You're right, Porthos. This is well past the point where MT might help quell violence through conscious intervention, peacekeeping efforts, etc. But I don't think it puts Girard's insights into question at all.

Consciously, the "axis" has their ostensible rationale which is consistent with their take on Islam, political aspirations and so forth. Unconsciously and surreptitiously, MT "reveals code" re: the typical fallen human "funny business."

Girard wd be the first in line to say he isn't saying anything original here; it's all in the New Testament. He simply thematized what the gospel was eventually revealing to our slow as mud to get it species.

Athos said...

From today's WaPo: "Radical Group Pulls In Sunis As Lebanon's Muslims polarize.

Porthos said...

Well, I think what I mean is that a straightforward Girardian rivalry/doubling analysis works, kind of, but in the same way such an analysis of, say, early post-revolutionary Russia might work: the Bolshevik putsch COULD be analyzed as the doubling rivalry with the ensemble of idealistic Socialists/Anarchists the Bolsheviks crushed, but IMO the deeper tectonics would in fact (Monday morning quarterbacking of history here) be the crystallizing of the form of purer form of revolutionary resentment embodied in the triumphant Bolsheviks (and that became the model for so much to follow, including Naziism). There IS a mimetic approach to this (and a GA approach), but I think it would go broader than a rival/double/undifferentiation analysis. I think Gil nails some of this well in his analysis of the French Revolution and aftermath.

Athos said...

I think Gil nails some of this well in his analysis of the French Revolution and aftermath.

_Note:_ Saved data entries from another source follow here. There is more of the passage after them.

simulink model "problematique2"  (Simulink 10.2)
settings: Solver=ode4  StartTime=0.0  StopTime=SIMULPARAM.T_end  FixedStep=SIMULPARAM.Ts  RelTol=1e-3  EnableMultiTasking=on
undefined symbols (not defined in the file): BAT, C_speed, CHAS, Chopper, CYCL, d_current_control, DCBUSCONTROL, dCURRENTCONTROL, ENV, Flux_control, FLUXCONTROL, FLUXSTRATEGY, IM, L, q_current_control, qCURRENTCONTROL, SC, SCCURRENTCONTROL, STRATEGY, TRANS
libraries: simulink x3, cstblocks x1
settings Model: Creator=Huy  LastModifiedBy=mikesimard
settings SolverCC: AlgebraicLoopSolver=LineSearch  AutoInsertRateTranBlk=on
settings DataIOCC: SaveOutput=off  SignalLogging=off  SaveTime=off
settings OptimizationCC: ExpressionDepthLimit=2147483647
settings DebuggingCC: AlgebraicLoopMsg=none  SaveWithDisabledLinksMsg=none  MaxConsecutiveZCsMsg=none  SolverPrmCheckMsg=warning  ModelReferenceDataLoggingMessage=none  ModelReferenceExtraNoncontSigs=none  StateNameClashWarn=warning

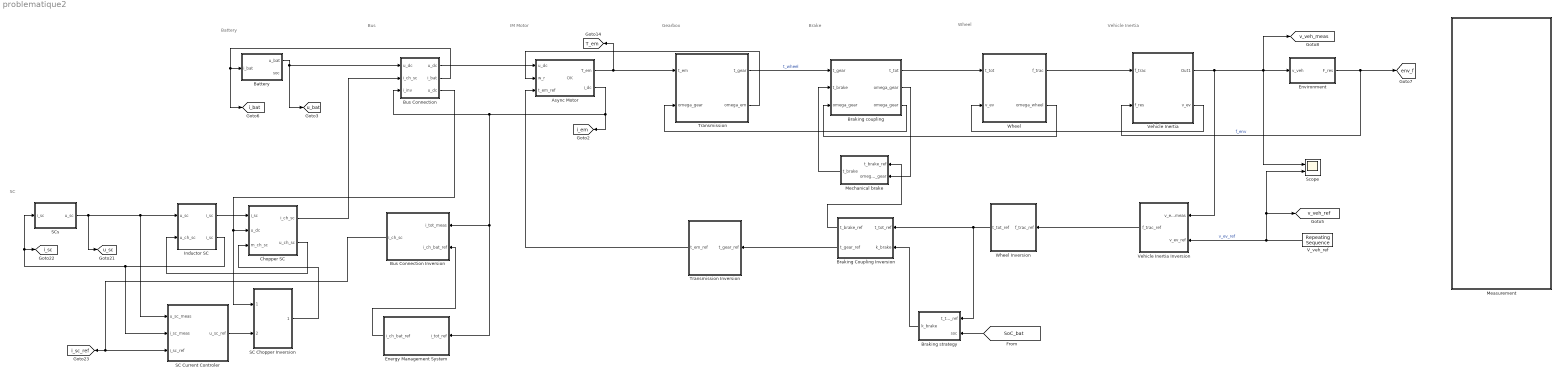
== system problematique2 ==
  note: Battery
  note: Bus
  note: IM Motor
  note: Gearbox
  note: Brake
  note: Wheel
  note: Vehicle Inertia
  note: SC
  note: OK
  Async Motor : Subsystem
  Battery : Subsystem  AncestorBlock=simulink/REM/SE
      mask Display:
      | plot(0,0,100,100, 1.2*[50,57.68,60.77,63.08,64.97,66.58,68,69.26,70.4, 	71.42,72.36,78.28,80,78.28,72.36,71.42,70.4, 	69.26,68,66.58,64.97,63.08,60.77,57.68,50,42.32, 	39.23,36.92,35.03,33.42,32,30.74,29.6,28.58, 	27.64,21.72,20,21.72,27.64,28.58,29.6,30.74,32, 	33.42,35.03,36.92,39.23,42.32,50]-10, 1.2*[20,21,22,23,24,25,26,27,28,29,30,40,50,60,70,71,72, 	73,74,75,76,77,78,79,80,79,78,77,76,75,74,73,72, 	71,70,60,50,40,30,29,28,27,26,25,24,23,22,21,20]-10)
      | disp('ES')
  Braking Coupling Inversion : Subsystem  AncestorBlock=simulink/SMC/Bloc de répartition
      mask Display: plot(0,0,100,100,[20,40,100,80,20],[75,20,20,75,75], [0,20,80,60,0],[85,30,30,85,85])
  Braking coupling : Subsystem  mask(CM){}
      mask Display: plot(0,0,100,100,[35,35,95,95,35],[65,10,10,65,65], [5,5,65,65,5],[90,35,35,90,90])
  Braking strategy : Subsystem  AncestorBlock=simulink/SMC/Inversion EC avec mesure
      mask Display: plot(0,0,100,100,[10,30,90,70,10],[90,10,10,90,90])
  Bus Connection : Subsystem  mask(CM){}
      mask Display: plot(0,0,100,100,[35,35,95,95,35],[65,10,10,65,65], [5,5,65,65,5],[90,35,35,90,90])
  Bus Connection Inversion : Subsystem  AncestorBlock=simulink/SMC/Bloc de répartition
      mask Display: plot(0,0,100,100,[20,40,100,80,20],[75,20,20,75,75], [0,20,80,60,0],[85,30,30,85,85])
  Chopper SC : Subsystem  AncestorBlock=simulink/REM/EC Elec  mask(Hacheur){}
      mask Display: plot(0,0,100,100,[10,10,90,90,10],[90,10,10,90,90])
  Energy Management System : Subsystem  AncestorBlock=simulink/SMC/Inversion EC avec mesure
      mask Display: plot(0,0,100,100,[10,30,90,70,10],[90,10,10,90,90])
  Environment : Subsystem  AncestorBlock=simulink/REM/SE
      mask Display:
      | plot(0,0,100,100, 1.2*[50,57.68,60.77,63.08,64.97,66.58,68,69.26,70.4, 	71.42,72.36,78.28,80,78.28,72.36,71.42,70.4, 	69.26,68,66.58,64.97,63.08,60.77,57.68,50,42.32, 	39.23,36.92,35.03,33.42,32,30.74,29.6,28.58, 	27.64,21.72,20,21.72,27.64,28.58,29.6,30.74,32, 	33.42,35.03,36.92,39.23,42.32,50]-10, 1.2*[20,21,22,23,24,25,26,27,28,29,30,40,50,60,70,71,72, 	73,74,75,76,77,78,79,80,79,78,77,76,75,74,73,72, 	71,70,60,50,40,30,29,28,27,26,25,24,23,22,21,20]-10)
      | disp('MS')
  Inductor SC : Subsystem  AncestorBlock=simulink/REM/EA  mask(CM){}
      mask Display: plot(0,0,100,100,[10,10,90,90,10],[90,10,10,90,90], [10,90],[10,90])
  Measurement : Subsystem
  Mechanical brake : Subsystem  AncestorBlock=simulink/REM/SE
      mask Display:
      | plot(0,0,100,100, 1.2*[50,57.68,60.77,63.08,64.97,66.58,68,69.26,70.4, 	71.42,72.36,78.28,80,78.28,72.36,71.42,70.4, 	69.26,68,66.58,64.97,63.08,60.77,57.68,50,42.32, 	39.23,36.92,35.03,33.42,32,30.74,29.6,28.58, 	27.64,21.72,20,21.72,27.64,28.58,29.6,30.74,32, 	33.42,35.03,36.92,39.23,42.32,50]-10, 1.2*[20,21,22,23,24,25,26,27,28,29,30,40,50,60,70,71,72, 	73,74,75,76,77,78,79,80,79,78,77,76,75,74,73,72, 	71,70,60,50,40,30,29,28,27,26,25,24,23,22,21,20]-10)
      | disp('MS')
  SC Chopper Inversion : Subsystem
      mask Display: plot(0,0,100,100,[10,30,90,70,10],[90,10,10,90,90])
  SC Current Controler : Subsystem
      mask Display: plot(0,0,100,100, [10,30,90,70,10,90],[90,10,10,90,90,10])
  SCs : Subsystem  AncestorBlock=simulink/REM/SE
      mask Display:
      | plot(0,0,100,100, 1.2*[50,57.68,60.77,63.08,64.97,66.58,68,69.26,70.4, 	71.42,72.36,78.28,80,78.28,72.36,71.42,70.4, 	69.26,68,66.58,64.97,63.08,60.77,57.68,50,42.32, 	39.23,36.92,35.03,33.42,32,30.74,29.6,28.58, 	27.64,21.72,20,21.72,27.64,28.58,29.6,30.74,32, 	33.42,35.03,36.92,39.23,42.32,50]-10, 1.2*[20,21,22,23,24,25,26,27,28,29,30,40,50,60,70,71,72, 	73,74,75,76,77,78,79,80,79,78,77,76,75,74,73,72, 	71,70,60,50,40,30,29,28,27,26,25,24,23,22,21,20]-10)
      | disp('ES')
  Scope : Scope  NumInputPorts=2
  Transmission : Subsystem  AncestorBlock=simulink/REM/EA  mask(CM){}
      mask Display: plot(0,0,100,100,[10,10,90,90,10],[90,10,10,90,90])
  Transmission Inversion : Subsystem  AncestorBlock=simulink/SMC/Inversion EC avec mesure
      mask Display: plot(0,0,100,100,[10,30,90,70,10],[90,10,10,90,90])
  V_veh_ref : simulink/Sources/Repeating Sequence  rep_seq_t=CYCL.time  rep_seq_y=CYCL.velocity/1.25
  Vehicle Inertia : Subsystem  AncestorBlock=simulink/REM/EA  mask(CM){}
      mask Display: plot(0,0,100,100,[10,10,90,90,10],[90,10,10,90,90], [10,90],[10,90])
  Vehicle Inertia Inversion : Subsystem  AncestorBlock=simulink/SMC/Asservissement Correcteur IP
      mask Display: plot(0,0,100,100, [10,30,90,70,10,90],[90,10,10,90,90,10])
  Wheel : Subsystem  AncestorBlock=simulink/REM/EA  mask(CM){}
      mask Display: plot(0,0,100,100,[10,10,90,90,10],[90,10,10,90,90])
  Wheel Inversion : Subsystem  AncestorBlock=simulink/SMC/Inversion EC avec mesure
      mask Display: plot(0,0,100,100,[10,30,90,70,10],[90,10,10,90,90])
  tag scope: T_em=global, env_f=global, i_bat=global, i_em=global, i_sc=global, i_sc_ref=global, u_bat=global, u_sc=global, v_veh_meas=global, v_veh_ref=global
  wires:
  Vehicle Inertia/1(Out1) -> Environment/1(v_veh), Scope/1, [v_veh_meas], Vehicle Inertia Inversion/1(v_ev_meas)
  Wheel/1(f_trac) -> Vehicle Inertia/1(f_trac)
  Environment/1(F_res) -> [env_f], Vehicle Inertia/2(f_res)  "f_env"
  Vehicle Inertia/2(v_ev) -> Wheel/2(v_ev)
  V_veh_ref/1 -> Scope/2, [v_veh_ref], Vehicle Inertia Inversion/2(v_ev_ref)  "v_ev_ref"
  Vehicle Inertia Inversion/1(f_trac_ref) -> Wheel Inversion/1(f_trac_ref)
  Transmission/1(t_gear) -> Braking coupling/1(t_gear)  "t_wheel"
  Mechanical brake/1(t_brake) -> Braking coupling/2(t_brake)
  Braking coupling/2(omega_gear) -> Mechanical brake/2(omega_gear)
  Braking Coupling Inversion/2(t_gear_ref) -> Transmission Inversion/1(t_gear_ref)
  Wheel Inversion/1(t_tot_ref) -> Braking strategy/1(t_tot_ref), Braking Coupling Inversion/1(t_tot_ref)
  Braking Coupling Inversion/1(t_brake_ref) -> Mechanical brake/1(t_brake_ref)
  Braking coupling/1(t_tot) -> Wheel/1(t_tot)
  Wheel/2(omega_wheel) -> Braking coupling/3("omega_gear  ")
  Braking coupling/3("omega_gear ") -> Transmission/2(omega_gear)
  Braking strategy/1(k_brake) -> Braking Coupling Inversion/2(k_brake)
  [SoC_bat] -> Braking strategy/2(soc)
  Async Motor/1(T_em) -> Transmission/1(t_em), [T_em]
  Chopper SC/2(u_ch_sc) -> Inductor SC/2(u_ch_sc)
  Inductor SC/1(i_sc) -> Chopper SC/1(i_sc)
  Async Motor/2(i_dc) -> Bus Connection/3(i_inv), Bus Connection Inversion/1(i_tot_meas), Energy Management System/1(i_tot_ref), [i_em]
  Energy Management System/1(i_ch_bat_ref) -> Bus Connection Inversion/2(i_ch_bat_ref)
  SCs/1(u_sc) -> [u_sc], SC Current Controler/1(u_sc_meas), Inductor SC/1(u_sc)
  SC Chopper Inversion/1(m_ch_sc) -> Chopper SC/3(m_ch_sc)
  SC Current Controler/1(u_sc_ref) -> SC Chopper Inversion/2(u_sc_ref)
  Inductor SC/2("i_sc ") -> SC Current Controler/2(i_sc_meas), SCs/1(i_sc), [i_sc]
  Bus Connection Inversion/1(i_ch_sc) -> [i_sc_ref], SC Current Controler/3(i_sc_ref)
  Battery/1(u_bat) -> [u_bat], Bus Connection/1(" u_dc ")
  Bus Connection/3("u_dc ") -> Chopper SC/2(u_dc), SC Chopper Inversion/1(u_dc_meas)
  Transmission/2(omega_em) -> Async Motor/2(w_r)
  Bus Connection/2(i_bat) -> [i_bat], Battery/1(i_bat)
  Bus Connection/1(u_dc) -> Async Motor/1(u_dc)
  Transmission Inversion/1(t_em_ref) -> Async Motor/3(t_em_ref)
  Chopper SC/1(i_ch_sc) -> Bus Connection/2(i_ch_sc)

You mean it is more of a sacrificial "melt down" without such clearly defined rivals? The two go hand in hand, in my u.

Hamerton-Kelly, Bailie quotes, says that democracy is the outcome of the death of kings (Louis XVI & Charles I). In such a sacrificial crisis (during which doubling rivalries are the coin of the realm), they're spawned like tornadoes from the sacrificial hurricane; part of the symptomology.

I don't know if GA applies; I've never heard anyone speak to it in such a way that doesn't sound more like an economics class (yawn).